## Line Graphs: Input Skewness and Output Space Size Across Layers for GPT-2 XL and Pythia 6.9b
### Overview
The image contains two side-by-side line graphs comparing the **input skewness** (blue) and **output space size** (orange) across layers for two language models: **GPT-2 XL** (left) and **Pythia 6.9b** (right). Each graph includes annotations for "Global head" (horizontal blue line) and "Specific head" (horizontal orange line), with shaded regions indicating variability.
---
### Components/Axes
1. **X-Axis (Layers)**:
- **GPT-2 XL**: Labeled "layer," ranging from 0 to 40.
- **Pythia 6.9b**: Labeled "layer," ranging from 0 to 30.
2. **Y-Axes**:
- **Left Y-Axis (Input Skewness)**: Ranges from 0.0 to 2.0 for both graphs.
- **Right Y-Axis (Output Space Size)**: Ranges from 0.0 to 0.4 for both graphs.
3. **Legends**:
- **Blue**: Input skewness.
- **Orange**: Output space size.
4. **Annotations**:
- "Global head" (horizontal blue line at ~0.5 input skewness).
- "Specific head" (horizontal orange line at ~0.1 output space size).
---
### Detailed Analysis
#### GPT-2 XL (Left Graph)
- **Input Skewness (Blue)**:
- Starts at ~1.5 (layer 0), drops sharply to ~0.5 by layer 10, then fluctuates between ~0.5 and ~1.0 up to layer 40.
- Notable peaks at layers 5 (~1.2) and 30 (~1.1).
- **Output Space Size (Orange)**:
- Begins at ~0.1 (layer 0), rises to ~0.3 by layer 10, then declines to ~0.1 by layer 40.
- Peaks at layer 15 (~0.35).
#### Pythia 6.9b (Right Graph)
- **Input Skewness (Blue)**:
- Starts at ~1.5 (layer 0), drops sharply to ~0.2 by layer 5, then stabilizes between ~0.1 and ~0.3 up to layer 30.
- Sharp decline in early layers (layers 0–5).
- **Output Space Size (Orange)**:
- Begins at ~0.3 (layer 0), drops to ~0.1 by layer 5, then fluctuates between ~0.1 and ~0.2 up to layer 30.

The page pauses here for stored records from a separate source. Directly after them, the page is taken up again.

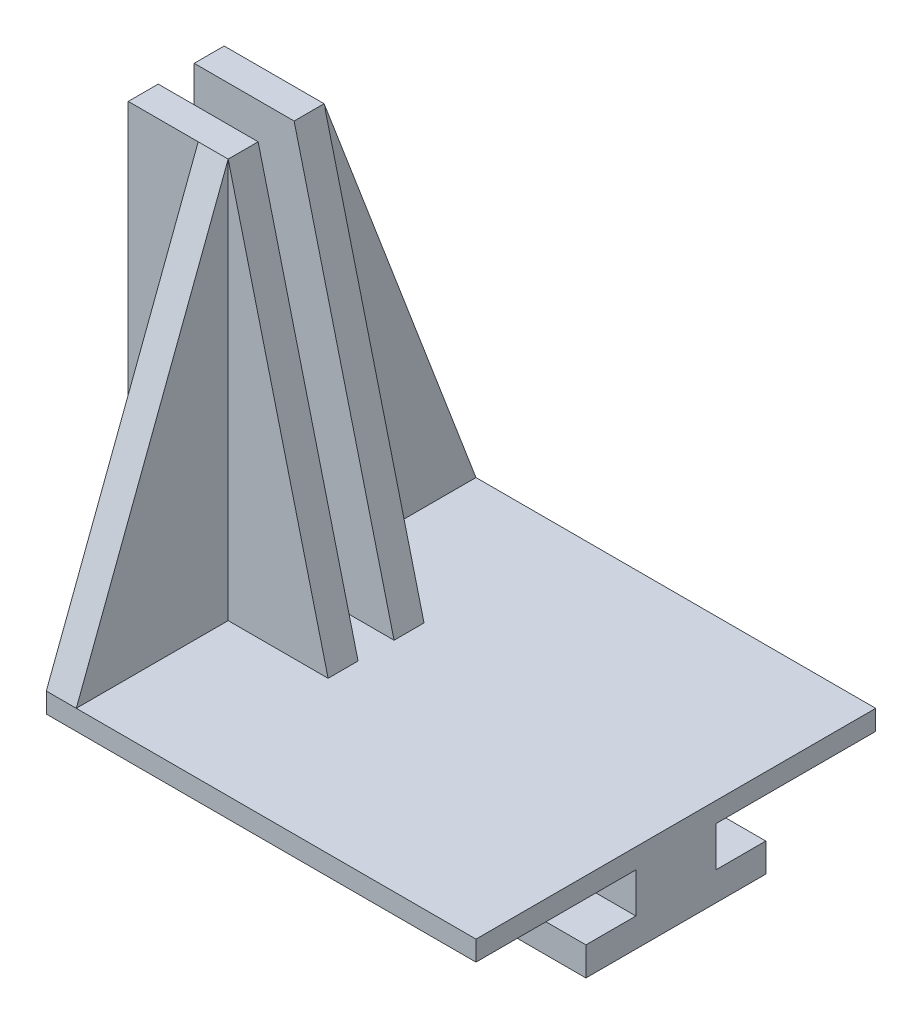
SolidWorks part; units mm, degrees
ref_plane "Front Plane" through (0, 0, 0) normal (0, 0, 1) x (1, 0, 0)
ref_plane "Top Plane" through (0, 0, 0) normal (0, 1, 0) x (1, 0, 0)
ref_plane "Right Plane" through (0, 0, 0) normal (1, 0, 0) x (0, 0, -1)
sketch "Sketch1" plane through (0, 0, 0) normal (0, 1, 0) x (1, 0, 0)
  line L1 (10, 10) -> (-10, 10)
  line L2 (10, 10) -> (10, -10)
  line L3 (10, -10) -> (-10, -10)
  line L4 (-10, 10) -> (-10, -10)
  line L5 (10, 10) -> (-10, -10) construction
  line L6 (10, -10) -> (-10, 10) construction
  point P0 (0, 0)
  dimension "D1" = 20
  dimension "D2" = 20
extrude "Boss-Extrude1" add sketch "Sketch1" along normal blind 1
sketch "Sketch4" plane through (10, 0, 0) normal (1, 0, 0) x (0, 0, -1)
  line L0 (-2, 0) -> (-2, -2)
  line L1 (-10, 0) -> (10, 0) construction
  line L2 (-2, -2) -> (-4.5, -2)
  line L3 (-4.5, -2) -> (-4.5, -3.4361)
  line L4 (-4.5, -3.4361) -> (4.5, -3.4361)
  line L5 (4.5, -3.4361) -> (4.5, -2)
  line L6 (4.5, -2) -> (2, -2)
  line L7 (2, -2) -> (2, 0)
  line L8 (-2, 0) -> (2, 0)
  dimension "D1" = 2
  dimension "D2" = 2
  dimension "D4" = 2.5
extrude "Boss-Extrude5" add sketch "Sketch4" against normal blind 20 contours L2 L3 L4 L5 L6 L7 L8 L0
sketch "Sketch5" plane through (-10, 0, 0) normal (-1, 0, 0) x (0, 0, 1)
  line L0 (0, 1) -> (0, 6.0182) construction
  line L2 (-0.9, 1) -> (-0.9, 21)
  line L3 (-10, 1) -> (10, 1) construction
  line L4 (-0.9, 21) -> (-2.4, 21)
  line L5 (-2.4, 21) -> (-2.4, 1)
  line L6 (-2.4, 1) -> (-0.9, 1)
  line L7 (-2.4, 21) -> (-10, 1)
  line L8 (-10, 1) -> (-10, 0)
  line L9 (-10, 0) -> (-0.9, 0)
  line L10 (-0.9, 0) -> (-0.9, 1)
  line L11 (-2.4, 1) -> (-2.4, 21)
  line M1 (-10, 0) -> (-2, 0)
  line M11 (10, 1) -> (-10, 1)
  line M12 (-10, 1) -> (-10, 0)
  dimension "D1" = 1.5
  dimension "D2" = 20
  dimension "D3" = 0.9
extrude "Boss-Extrude6" add sketch "Sketch5" along normal blind 5 and the other way blind 5 separate body contours L4 L5 L2 M11 region at (-10, 11, -1.65)
sketch "Sketch6" plane through (0, 0, -0.9) normal (0, 0, 1) x (1, 0, 0)
  line L0 (-5, 1) -> (-10, 21)
  line L1 (-5, 21) -> (-15, 21) construction
  line L2 (-10, 21) -> (-5, 21)
  line L4 (-5, 21) -> (-5, 1)
extrude "Cut-Extrude1" cut sketch "Sketch6" against normal blind 5
extrude "Boss-Extrude7" add sketch "Sketch5<3>" along normal blind 1.5 contours L5 L7 M11 | L9 L10 M11 M12 M1 region at (-10, 0.5, -5.45) region at (-10, 7.6667, -4.9333)
sketch "Sketch5<3>" plane through (-10, 0, 0) normal (-1, 0, 0) x (0, 0, 1) same geometry as "Sketch5"
mirror "Mirror5" about plane through (0, 0, 0) normal (0, 0, 1) of bodies 112
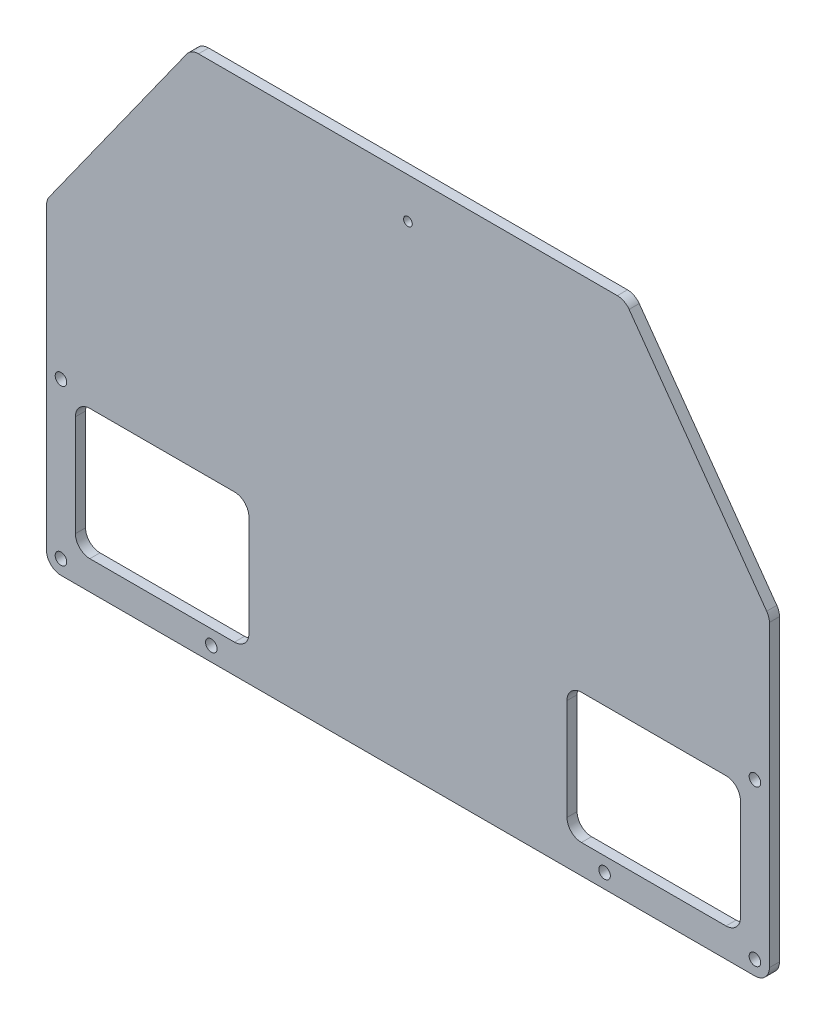
SolidWorks part; units mm, degrees
ref_plane "Plan de face" through (0, 0, 0) normal (0, 0, 1) x (1, 0, 0)
ref_plane "Plan de dessus" through (0, 0, 0) normal (0, 1, 0) x (1, 0, 0)
ref_plane "Plan de droite" through (0, 0, 0) normal (1, 0, 0) x (0, 0, -1)
sketch "Esquisse1" plane through (0, 0, 0) normal (0, 0, 1) x (1, 0, 0)
  line L1 (5, 0) -> (245, 0)
  line L2 (0, 5) -> (0, 305)
  line L3 (0, 305) -> (250, 305)
  line L4 (250, 5) -> (250, 305)
  arc A0 (250, 5) -> (245, 0) centre (245, 5) cw
  arc A1 (5, 0) -> (0, 5) centre (5, 5) cw
  point P7 (250, 0)
  point P10 (0, 0)
  dimension "D2" = 5
  dimension "D3" = 5
  dimension "D1" = 250
  dimension "D4" = 300
extrude "Boss.-Extru.1" add sketch "Esquisse1" along normal blind 3.5
sketch "Esquisse2" plane through (0, 0, 3.5) normal (0, 0, 1) x (1, 0, 0)
  line L0 (-19.0099, 5) -> (402.2953, 5) construction
  line L1 (5, 0) -> (245, 0) construction
  line L2 (5, -25.1291) -> (5, 139.966) construction
  line L3 (0, 305) -> (0, 5) construction
  line L4 (245, -22.1166) -> (245, 94.5536) construction
  line L5 (250, 5) -> (250, 305) construction
  line L6 (-9.3926, 58.8) -> (267.0784, 58.8) construction
  circle A0 centre (5, 5) radius 2
  circle A1 centre (245, 5) radius 2
  circle A2 centre (5, 58.8) radius 2
  circle A3 centre (245, 58.8) radius 2
  dimension "D1" = 4
  dimension "D2" = 4
  dimension "D7" = 4
  dimension "D8" = 4
  dimension "D3" = 5
  dimension "D4" = 5
  dimension "D5" = 5
  dimension "D6" = 53.8
extrude "Enlèv. mat.-Extru.1" cut sketch "Esquisse2" against normal through all
sketch "Esquisse3" plane through (0, 0, 3.5) normal (0, 0, 1) x (1, 0, 0)
  line L0 (-13.1091, 5) -> (277.0265, 5) construction
  line L1 (5, 0) -> (245, 0) construction
  line L2 (0, 305) -> (0, 5) construction
  circle A0 centre (57, 5) radius 2
  circle A1 centre (193, 5) radius 2
  dimension "D3" = 4
  dimension "D4" = 4
  dimension "D1" = 5
  dimension "D2" = 136
  dimension "D5" = 57
extrude "Enlèv. mat.-Extru.2" cut sketch "Esquisse3" against normal through all
sketch "Esquisse4" plane through (0, 0, 0) normal (0, 0, -1) x (-1, 0, 0)
  line L0 (-70, 15) -> (-70, 50)
  line L1 (-65, 55) -> (-15, 55)
  line L2 (-10, 50) -> (-10, 15)
  line L3 (-15, 10) -> (-65, 10)
  line L4 (-5, 0) -> (-245, 0) construction
  line L5 (0, 305) -> (0, 5) construction
  line L6 (-185, 10) -> (-235, 10)
  line L7 (-180, 15) -> (-180, 50)
  line L8 (-185, 55) -> (-235, 55)
  line L9 (-240, 15) -> (-240, 50)
  line L10 (-250, 5) -> (-250, 305) construction
  arc A0 (-70, 50) -> (-65, 55) centre (-65, 50) cw
  arc A1 (-15, 55) -> (-10, 50) centre (-15, 50) cw
  arc A2 (-70, 15) -> (-65, 10) centre (-65, 15) ccw
  arc A3 (-10, 15) -> (-15, 10) centre (-15, 15) cw
  arc A4 (-240, 50) -> (-235, 55) centre (-235, 50) cw
  arc A5 (-180, 50) -> (-185, 55) centre (-185, 50) ccw
  arc A6 (-240, 15) -> (-235, 10) centre (-235, 15) ccw
  arc A7 (-185, 10) -> (-180, 15) centre (-185, 15) ccw
  point P9 (-70, 55)
  point P12 (-10, 55)
  point P18 (-10, 10)
  point P27 (-240, 55)
  point P30 (-180, 55)
  point P35 (-180, 10)
  dimension "D4" = 5
  dimension "D10" = 5
  dimension "D1" = 10
  dimension "D2" = 60
  dimension "D3" = 45
  dimension "D5" = 10
  dimension "D6" = 10
  dimension "D7" = 45
  dimension "D8" = 60
  dimension "D9" = 10
extrude "Enlèv. mat.-Extru.3" cut sketch "Esquisse4" against normal through all
sketch "Esquisse5" plane through (0, 0, 3.5) normal (0, 0, 1) x (1, 0, 0)
  line L0 (0, 110) -> (50, 180)
  line L2 (50, 180) -> (200, 180)
  line L3 (200, 180) -> (250, 110)
  line L5 (125, 623.6506) -> (125, -13.6506) construction
  line L6 (250, 305) -> (0, 305) construction
  line L7 (5, 0) -> (245, 0) construction
  point P12 (125, 305)
  point P13 (125, 180)
  dimension "D1" = 150
  dimension "D2" = 180
  dimension "D3" = 110
  dimension "D4" = 110
extrude "Enlèv. mat.-Extru.4" cut sketch "Esquisse5" against normal through all and the other way through all
sketch "Esquisse6" plane through (0, 0, 3.5) normal (0, 0, 1) x (1, 0, 0)
  line L0 (50, 180) -> (200, 180) construction
  line L4 (125, 209.3374) -> (125, 98.3712) construction
  circle A0 centre (125, 166) radius 1.5
  point P2 (0, 0)
  dimension "D3" = 3
  dimension "D1" = 14
  dimension "D4" = 75
extrude "Enlèv. mat.-Extru.5" cut sketch "Esquisse6" against normal through all
fillet "Congé1" radius 5 4 edges at (250, 110, 1.75) (200, 180, 1.75) (50, 180, 1.75) (0, 110, 1.75)
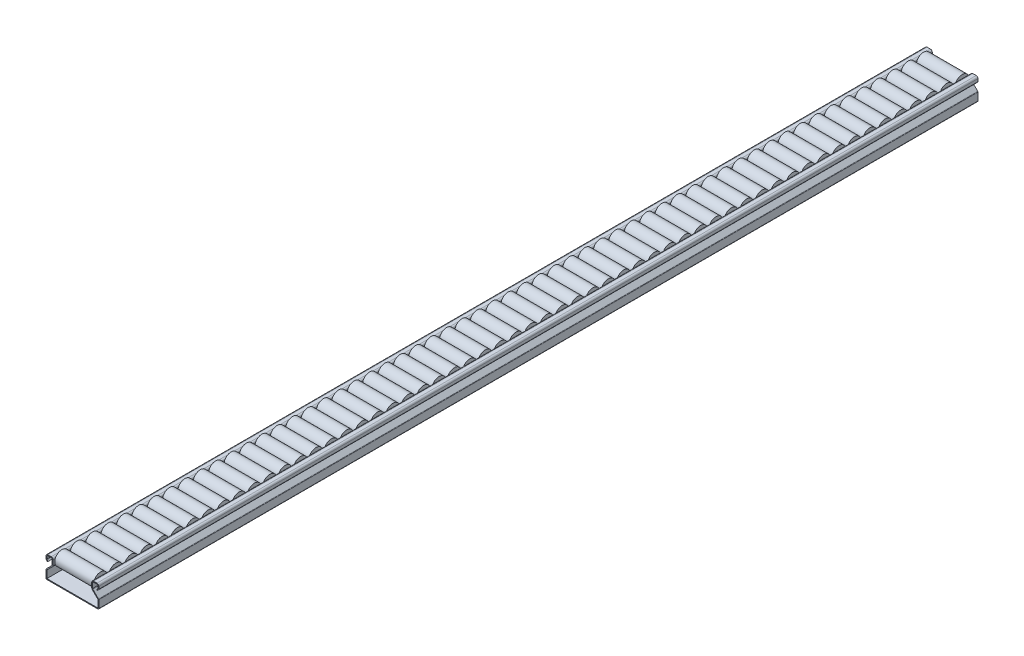
SolidWorks part; units mm, degrees
ref_plane "Front Plane" through (0, 0, 0) normal (0, 0, 1) x (1, 0, 0)
ref_plane "Top Plane" through (0, 0, 0) normal (0, 1, 0) x (1, 0, 0)
ref_plane "Right Plane" through (0, 0, 0) normal (1, 0, 0) x (0, 0, -1)
ref_plane "Plane1" through (0, 0, 1000) normal (0, 0, 1) x (1, 0, 0)
sketch "Sketch1" plane through (0, 0, 1000) normal (0, 0, 1) x (1, 0, 0)
  line L0 (30, 0) -> (30, 25)
  line L1 (30, 25) -> (24, 25)
  line L2 (22, 23) -> (22, 17.4142)
  line L3 (22.5858, 16) -> (29, 9.5858)
  line L4 (29, 9.5858) -> (29, 1)
  line L5 (29, 1) -> (-29, 1)
  line L6 (-29, 1) -> (-29, 9.5858)
  line L7 (-29, 9.5858) -> (-22.5858, 16)
  line L8 (-22, 17.4142) -> (-22, 23)
  line L9 (-24, 25) -> (-30, 25)
  line L10 (-30, 25) -> (-30, 0)
  line L11 (-30, 0) -> (30, 0)
  arc A0 (24, 25) -> (22, 23) centre (24, 23) ccw
  arc A1 (22, 17.4142) -> (22.5858, 16) centre (24, 17.4142) ccw
  arc A2 (-22.5858, 16) -> (-22, 17.4142) centre (-24, 17.4142) ccw
  arc A3 (-22, 23) -> (-24, 25) centre (-24, 23) ccw
extrude "Boss-Extrude1" add sketch "Sketch1" against normal blind 1000
sketch "Sketch2" plane through (0, 0, 0) normal (0, 0, -1) x (-1, 0, 0)
  line L0 (30, 10) -> (30, 19.5858)
  line L1 (30, 19.5858) -> (28.2929, 17.8787)
  line L2 (28.2929, 17.8787) -> (27.5858, 18.5858)
  line L3 (27.5858, 18.5858) -> (29, 20)
  line L4 (29, 20) -> (29, 24)
  line L5 (29, 24) -> (23, 24)
  line L6 (23, 24) -> (23, 17)
  line L7 (23, 17) -> (30, 10)
extrude "Cut-Extrude1" cut sketch "Sketch2" against normal through all
sketch "Sketch3" plane through (0, 0, 0) normal (0, 0, -1) x (-1, 0, 0)
  line L0 (-30, 19.5858) -> (-30, 10)
  line L1 (-30, 10) -> (-23, 17)
  line L2 (-23, 17) -> (-23, 24)
  line L3 (-23, 24) -> (-29, 24)
  line L4 (-29, 24) -> (-29, 20)
  line L5 (-29, 20) -> (-27.5858, 18.5858)
  line L6 (-27.5858, 18.5858) -> (-28.2929, 17.8787)
  line L7 (-28.2929, 17.8787) -> (-30, 19.5858)
extrude "Cut-Extrude2" cut sketch "Sketch3" against normal through all
ref_plane "Plane2" through (0, 0, 10) normal (0, 0, -1) x (-1, 0, 0)
sketch "Sketch4" plane through (0, 0, 10) normal (0, 0, -1) x (-1, 0, 0)
  line L0 (-22, 28) -> (-22, 20)
  line L1 (-22, 20) -> (22, 20)
  line L2 (22, 20) -> (22, 28)
  line L3 (22, 28) -> (-22, 28)
  line L4 (-22, 20) -> (22, 20) construction
revolve "Revolve1" add sketch "Sketch4" angle 360 about L4 reverse direction yes
ref_plane "Plane3" through (0, 0, 990) normal (0, 0, -1) x (-1, 0, 0)
sketch "Sketch5" plane through (0, 0, 990) normal (0, 0, -1) x (-1, 0, 0)
  line L0 (-22, 28) -> (-22, 20)
  line L1 (-22, 20) -> (22, 20)
  line L2 (22, 20) -> (22, 28)
  line L3 (22, 28) -> (-22, 28)
  line L4 (-22, 20) -> (22, 20) construction
revolve "Revolve2" add sketch "Sketch5" angle 360 about L4 reverse direction yes
ref_plane "Plane4" through (0, 0, 27.5) normal (0, 0, -1) x (-1, 0, 0)
sketch "Sketch6" plane through (0, 0, 27.5) normal (0, 0, -1) x (-1, 0, 0)
  line L0 (-22, 28) -> (-22, 20)
  line L1 (-22, 20) -> (22, 20)
  line L2 (22, 20) -> (22, 28)
  line L3 (22, 28) -> (-22, 28)
  line L4 (-22, 20) -> (22, 20) construction
revolve "Revolve3" add sketch "Sketch6" angle 360 about L4 reverse direction yes
ref_plane "Plane5" through (0, 0, 45) normal (0, 0, -1) x (-1, 0, 0)
sketch "Sketch7" plane through (0, 0, 45) normal (0, 0, -1) x (-1, 0, 0)
  line L0 (-22, 28) -> (-22, 20)
  line L1 (-22, 20) -> (22, 20)
  line L2 (22, 20) -> (22, 28)
  line L3 (22, 28) -> (-22, 28)
  line L4 (-22, 20) -> (22, 20) construction
revolve "Revolve4" add sketch "Sketch7" angle 360 about L4 reverse direction yes
ref_plane "Plane6" through (0, 0, 62.5) normal (0, 0, -1) x (-1, 0, 0)
sketch "Sketch8" plane through (0, 0, 62.5) normal (0, 0, -1) x (-1, 0, 0)
  line L0 (-22, 28) -> (-22, 20)
  line L1 (-22, 20) -> (22, 20)
  line L2 (22, 20) -> (22, 28)
  line L3 (22, 28) -> (-22, 28)
  line L4 (-22, 20) -> (22, 20) construction
revolve "Revolve5" add sketch "Sketch8" angle 360 about L4 reverse direction yes
ref_plane "Plane7" through (0, 0, 80) normal (0, 0, -1) x (-1, 0, 0)
sketch "Sketch9" plane through (0, 0, 80) normal (0, 0, -1) x (-1, 0, 0)
  line L0 (-22, 28) -> (-22, 20)
  line L1 (-22, 20) -> (22, 20)
  line L2 (22, 20) -> (22, 28)
  line L3 (22, 28) -> (-22, 28)
  line L4 (-22, 20) -> (22, 20) construction
revolve "Revolve6" add sketch "Sketch9" angle 360 about L4 reverse direction yes
ref_plane "Plane8" through (0, 0, 97.5) normal (0, 0, -1) x (-1, 0, 0)
sketch "Sketch10" plane through (0, 0, 97.5) normal (0, 0, -1) x (-1, 0, 0)
  line L0 (-22, 28) -> (-22, 20)
  line L1 (-22, 20) -> (22, 20)
  line L2 (22, 20) -> (22, 28)
  line L3 (22, 28) -> (-22, 28)
  line L4 (-22, 20) -> (22, 20) construction
revolve "Revolve7" add sketch "Sketch10" angle 360 about L4 reverse direction yes
ref_plane "Plane9" through (0, 0, 115) normal (0, 0, -1) x (-1, 0, 0)
sketch "Sketch11" plane through (0, 0, 115) normal (0, 0, -1) x (-1, 0, 0)
  line L0 (-22, 28) -> (-22, 20)
  line L1 (-22, 20) -> (22, 20)
  line L2 (22, 20) -> (22, 28)
  line L3 (22, 28) -> (-22, 28)
  line L4 (-22, 20) -> (22, 20) construction
revolve "Revolve8" add sketch "Sketch11" angle 360 about L4 reverse direction yes
ref_plane "Plane10" through (0, 0, 132.5) normal (0, 0, -1) x (-1, 0, 0)
sketch "Sketch12" plane through (0, 0, 132.5) normal (0, 0, -1) x (-1, 0, 0)
  line L0 (-22, 28) -> (-22, 20)
  line L1 (-22, 20) -> (22, 20)
  line L2 (22, 20) -> (22, 28)
  line L3 (22, 28) -> (-22, 28)
  line L4 (-22, 20) -> (22, 20) construction
revolve "Revolve9" add sketch "Sketch12" angle 360 about L4 reverse direction yes
ref_plane "Plane11" through (0, 0, 150) normal (0, 0, -1) x (-1, 0, 0)
sketch "Sketch13" plane through (0, 0, 150) normal (0, 0, -1) x (-1, 0, 0)
  line L0 (-22, 28) -> (-22, 20)
  line L1 (-22, 20) -> (22, 20)
  line L2 (22, 20) -> (22, 28)
  line L3 (22, 28) -> (-22, 28)
  line L4 (-22, 20) -> (22, 20) construction
revolve "Revolve10" add sketch "Sketch13" angle 360 about L4 reverse direction yes
ref_plane "Plane12" through (0, 0, 167.5) normal (0, 0, -1) x (-1, 0, 0)
sketch "Sketch14" plane through (0, 0, 167.5) normal (0, 0, -1) x (-1, 0, 0)
  line L0 (-22, 28) -> (-22, 20)
  line L1 (-22, 20) -> (22, 20)
  line L2 (22, 20) -> (22, 28)
  line L3 (22, 28) -> (-22, 28)
  line L4 (-22, 20) -> (22, 20) construction
revolve "Revolve11" add sketch "Sketch14" angle 360 about L4 reverse direction yes
ref_plane "Plane13" through (0, 0, 185) normal (0, 0, -1) x (-1, 0, 0)
sketch "Sketch15" plane through (0, 0, 185) normal (0, 0, -1) x (-1, 0, 0)
  line L0 (-22, 28) -> (-22, 20)
  line L1 (-22, 20) -> (22, 20)
  line L2 (22, 20) -> (22, 28)
  line L3 (22, 28) -> (-22, 28)
  line L4 (-22, 20) -> (22, 20) construction
revolve "Revolve12" add sketch "Sketch15" angle 360 about L4 reverse direction yes
ref_plane "Plane14" through (0, 0, 202.5) normal (0, 0, -1) x (-1, 0, 0)
sketch "Sketch16" plane through (0, 0, 202.5) normal (0, 0, -1) x (-1, 0, 0)
  line L0 (-22, 28) -> (-22, 20)
  line L1 (-22, 20) -> (22, 20)
  line L2 (22, 20) -> (22, 28)
  line L3 (22, 28) -> (-22, 28)
  line L4 (-22, 20) -> (22, 20) construction
revolve "Revolve13" add sketch "Sketch16" angle 360 about L4 reverse direction yes
ref_plane "Plane15" through (0, 0, 220) normal (0, 0, -1) x (-1, 0, 0)
sketch "Sketch17" plane through (0, 0, 220) normal (0, 0, -1) x (-1, 0, 0)
  line L0 (-22, 28) -> (-22, 20)
  line L1 (-22, 20) -> (22, 20)
  line L2 (22, 20) -> (22, 28)
  line L3 (22, 28) -> (-22, 28)
  line L4 (-22, 20) -> (22, 20) construction
revolve "Revolve14" add sketch "Sketch17" angle 360 about L4 reverse direction yes
ref_plane "Plane16" through (0, 0, 237.5) normal (0, 0, -1) x (-1, 0, 0)
sketch "Sketch18" plane through (0, 0, 237.5) normal (0, 0, -1) x (-1, 0, 0)
  line L0 (-22, 28) -> (-22, 20)
  line L1 (-22, 20) -> (22, 20)
  line L2 (22, 20) -> (22, 28)
  line L3 (22, 28) -> (-22, 28)
  line L4 (-22, 20) -> (22, 20) construction
revolve "Revolve15" add sketch "Sketch18" angle 360 about L4 reverse direction yes
ref_plane "Plane17" through (0, 0, 255) normal (0, 0, -1) x (-1, 0, 0)
sketch "Sketch19" plane through (0, 0, 255) normal (0, 0, -1) x (-1, 0, 0)
  line L0 (-22, 28) -> (-22, 20)
  line L1 (-22, 20) -> (22, 20)
  line L2 (22, 20) -> (22, 28)
  line L3 (22, 28) -> (-22, 28)
  line L4 (-22, 20) -> (22, 20) construction
revolve "Revolve16" add sketch "Sketch19" angle 360 about L4 reverse direction yes
ref_plane "Plane18" through (0, 0, 272.5) normal (0, 0, -1) x (-1, 0, 0)
sketch "Sketch20" plane through (0, 0, 272.5) normal (0, 0, -1) x (-1, 0, 0)
  line L0 (-22, 28) -> (-22, 20)
  line L1 (-22, 20) -> (22, 20)
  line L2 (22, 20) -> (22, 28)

- Sharp decline in early layers (layers 0–5).
---
### Key Observations
1. **Early Layer Dominance**:
- Both models show **high input skewness** and **output space size** in early layers (layers 0–10), suggesting these layers handle more variable or complex information.
2. **Convergence**:
- By later layers (layers 20–30/40), input skewness and output space size stabilize near the "Global head" and "Specific head" thresholds, indicating reduced variability.
3. **Model Differences**:
- **GPT-2 XL** retains higher input skewness in later layers compared to **Pythia 6.9b**, which stabilizes earlier.
- **Pythia 6.9b** has a more pronounced drop in output space size in early layers.
---
### Interpretation
- **Input Skewness Trends**:
- High skewness in early layers may reflect the models' reliance on diverse or noisy data for initial processing. The sharper decline in Pythia 6.9b suggests more efficient normalization or regularization in these layers.
- **Output Space Size**:
- Early-layer peaks imply these layers generate highly variable representations, which consolidate into more stable patterns in later layers. The "Specific head" threshold (~0.1) acts as a baseline for model-specific processing.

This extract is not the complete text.